- **WORK REQUEST**:
Whenever a picture appears in the data, skip it and write out all other material exactly.

- **INFORMATION GIVEN**:
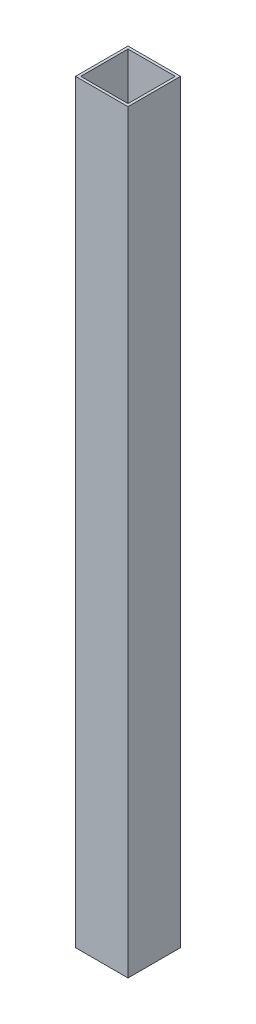
from build123d import *

# Parameters (mm, degrees)
SKETCH1_W           = 20
SKETCH1_H           = 20
SKETCH1_W_2         = 18
SKETCH1_H_2         = 18
BOSS_EXTRUDE1_DEPTH = 287.33


with BuildPart() as part:
    # Sketch1 → Boss-Extrude1 (new body)
    with BuildSketch(Plane(origin=(0, 0, 0), x_dir=(1, 0, 0), z_dir=(0, 1, 0))):
        Rectangle(SKETCH1_W, SKETCH1_H)
        Rectangle(SKETCH1_W_2, SKETCH1_H_2, mode=Mode.SUBTRACT)
    extrude(amount=BOSS_EXTRUDE1_DEPTH)


solid = part.part

- **ANSWER AREA**:
from build123d import *

# Parameters (mm, degrees)
SKETCH1_W           = 20
SKETCH1_H           = 20
SKETCH1_W_2         = 18
SKETCH1_H_2         = 18
BOSS_EXTRUDE1_DEPTH = 287.33


with BuildPart() as part:
    # Sketch1 → Boss-Extrude1 (new body)
    with BuildSketch(Plane(origin=(0, 0, 0), x_dir=(1, 0, 0), z_dir=(0, 1, 0))):
        Rectangle(SKETCH1_W, SKETCH1_H)
        Rectangle(SKETCH1_W_2, SKETCH1_H_2, mode=Mode.SUBTRACT)
    extrude(amount=BOSS_EXTRUDE1_DEPTH)


solid = part.part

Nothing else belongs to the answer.